# What if our TD Cruzes averaged this



## Gator (Jul 14, 2013)

This is my avg fuel mileage in a Big Rig. 2014 T680


----------



## BradHerr (Sep 29, 2013)

I take it that this is pretty good mileage for a semi? I never really have heard any fuel consumption numbers for a big rig before. That is a good looking instrument panel, a lot more up-to-date than some of the older rigs I've seen. 


Sent from AutoGuide.com Free App


----------



## titanman2789 (Oct 27, 2013)

That's decent for a big rig. My ram 2500 is currently getting 10 unloaded driving around town. 

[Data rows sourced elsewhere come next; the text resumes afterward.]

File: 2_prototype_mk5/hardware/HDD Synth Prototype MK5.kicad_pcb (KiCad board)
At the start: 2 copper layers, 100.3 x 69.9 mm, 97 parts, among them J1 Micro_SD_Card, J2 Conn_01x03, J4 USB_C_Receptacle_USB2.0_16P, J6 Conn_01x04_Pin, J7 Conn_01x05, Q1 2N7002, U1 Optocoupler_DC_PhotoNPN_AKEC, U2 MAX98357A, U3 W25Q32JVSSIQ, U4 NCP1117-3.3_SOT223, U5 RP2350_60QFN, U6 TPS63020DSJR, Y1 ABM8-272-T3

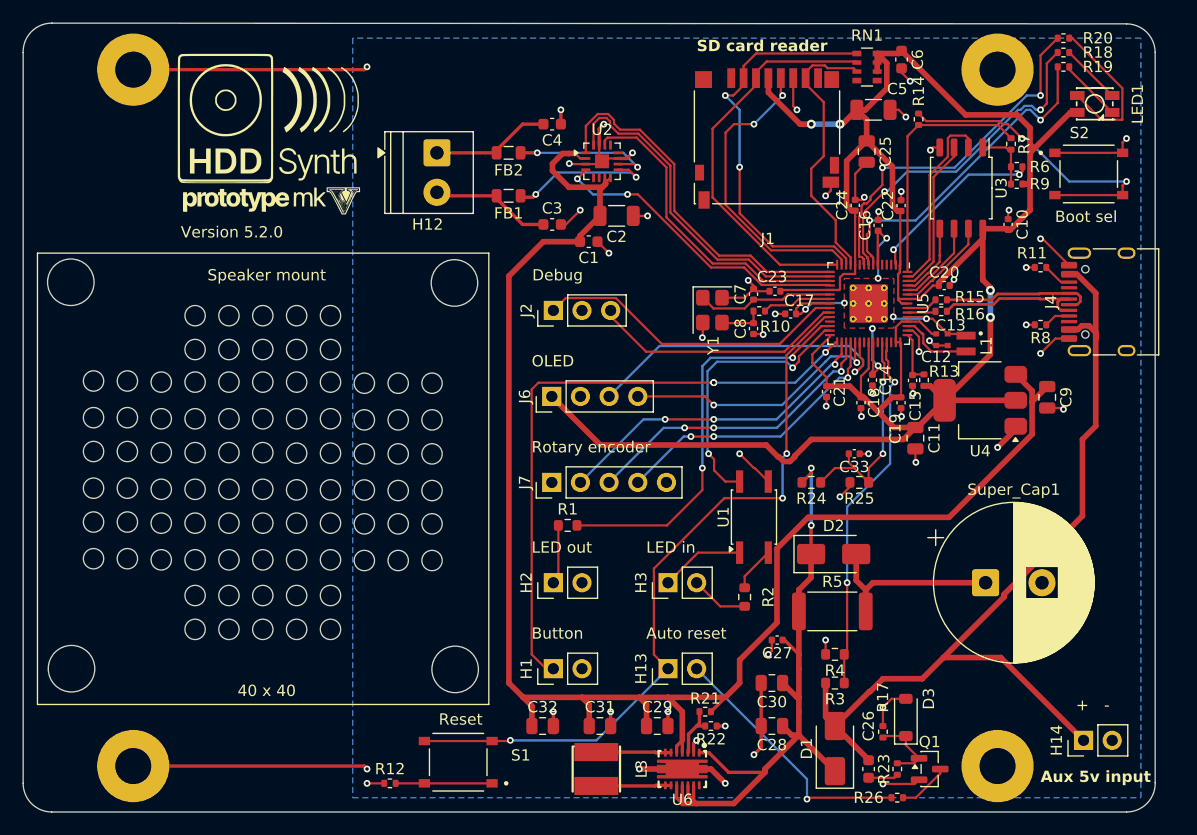
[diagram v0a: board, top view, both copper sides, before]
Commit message: Cost reductions for JCLPCB
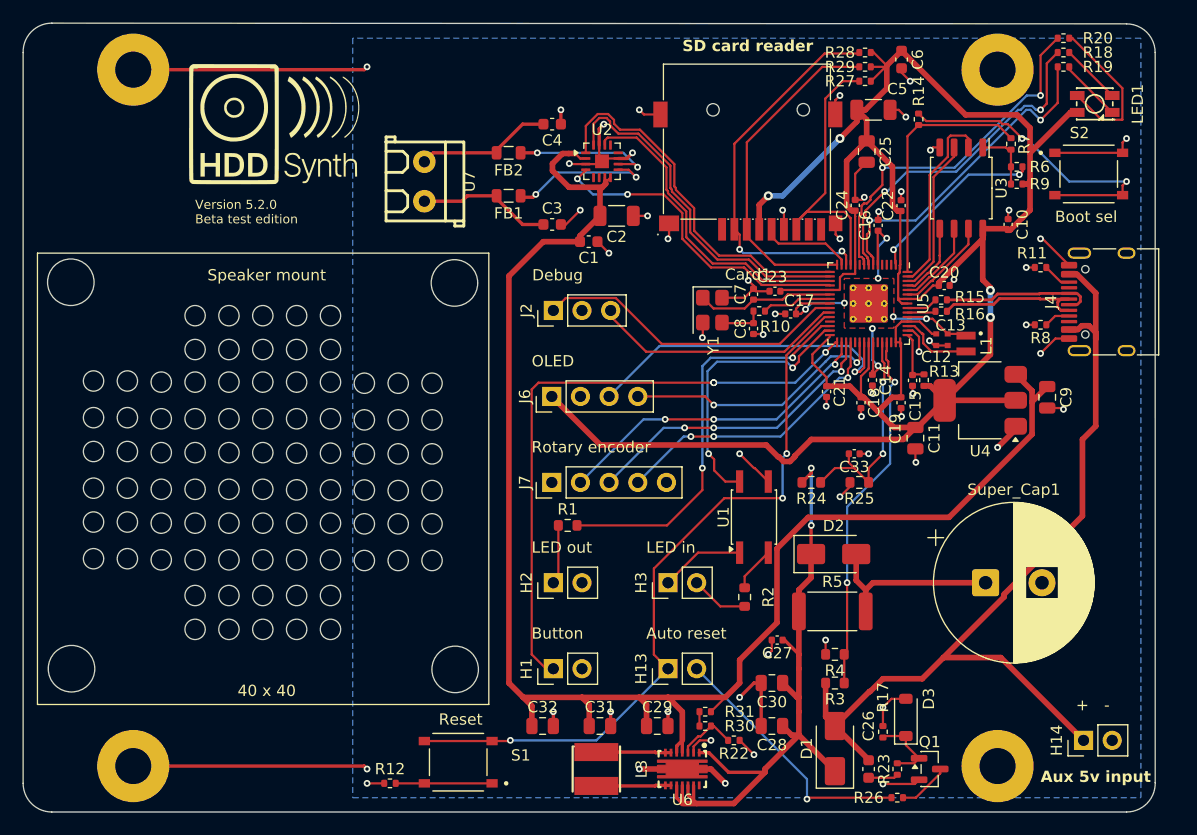
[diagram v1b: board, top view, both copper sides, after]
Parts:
- removed the G*** at (96.5, 57.1)
- removed H12: Conn_01x02, TerminalBlock_Phoenix:TerminalBlock_Phoenix_PT-1,5-2-3.5-H_1x02_P3.50mm_Horizontal
- removed J1: Micro_SD_Card, Connector_Card:microSD_HC_Hirose_DM3D-SF
- removed R21: 1.6M, Resistor_SMD:R_0402_1005Metric
- removed RN1: 47K, Resistor_SMD:R_Array_Convex_4x0603
- added Card1: TF-015, easyeda2kicad:TF-SMD_TF-015, F.Cu at (137.9, 60.1)
- added G***: LOGO, Custom:HDDSynth_Logo_18mm, F.Cu at (96.5, 55.9)
- added R27: 47K, Resistor_SMD:R_0402_1005Metric, F.Cu at (148.3, 52.1)
- added R28: 47K, Resistor_SMD:R_0402_1005Metric, F.Cu at (148.3, 49.5)
- added R29: 47K, Resistor_SMD:R_0402_1005Metric, F.Cu at (148.3, 50.8)
- added R30: 100K, Resistor_SMD:R_0402_1005Metric, F.Cu at (134.1, 109.2)
- added R31: 100K, Resistor_SMD:R_0402_1005Metric, F.Cu at (134.1, 108.0)
- added U7: KF350-3.5-2P, easyeda2kicad:CONN-TH_P3.50_KF350-3.5-2P, F.Cu at (109.2, 61.0)
- D2: value SS12 -> SS14
- R10, R12, R14: value 1k -> 1K
- R18: value 56R -> 33R
- R19: value 270R -> 200R
- R22: value 180K -> 22K
- moved R22 2.39 mm to (136.7, 110.5)
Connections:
- U5 pad 35: /RP2350/OLED_SDA -> /RP2350/GPIO23
- U5 pad 36: /RP2350/OLED_SCL -> /RP2350/OLED_SDA
- U5 pad 37: /RP2350/GPIO25 -> /RP2350/OLED_SCL
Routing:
- net /RP2350/SD_SCK: track 27.2 -> 8.15 mm, vias 2 -> 0
- net +3V3: track 204.8 -> 210.9 mm
- net GND: track 149.2 -> 155.2 mm, vias 54 -> 57
- net /RP2350/SD_MOSI: track 35.6 -> 30.1 mm
- net /RP2350/SD_CS: track 36.8 -> 34.4 mm
- net Net-(C4-Pad2): track 10.6 -> 12.1 mm
- net /RP2350/AMP_SDMODE: track 27.4 -> 28.7 mm
- net Net-(R30-Pad1): track 0.00 -> 1.27 mm
- net /RP2350/SD_MISO: track 24.6 -> 25.8 mm
- net Net-(C3-Pad1): track 10.8 -> 11.9 mm
- net Net-(U6-FB): track 4.81 -> 5.38 mm
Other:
- board text added: "Version 5.2.0 Beta test edition"
- board text removed: "Version 5.2.0"

Sent from AutoGuide.com Free App


----------



## diesel (Jun 8, 2013)

I drove a 1972 Mercedes 280SE 4.5 on a 450 mile highway trip and averaged 12 MPG


----------



## NYCruze2012 (Jan 16, 2012)

I had a 1986 k5 chevy blazer that averaged around 10 miles per gallon.

Sent from my last surviving brain cell


----------



## boraz (Aug 29, 2013)

my tri quad at work gets just under 2 us mpg


----------



## Danny5 (Dec 22, 2011)

Did you actually take this picture while driving??? :eek7:


----------



## Sperry (Aug 3, 2013)

about the same as my old hemicuda


----------



## Nellie (Oct 27, 2013)

titanman- sounds like your cummins needs some atlc if your getting 10 unloaded
none of my 12 cummins ever got that bad!


----------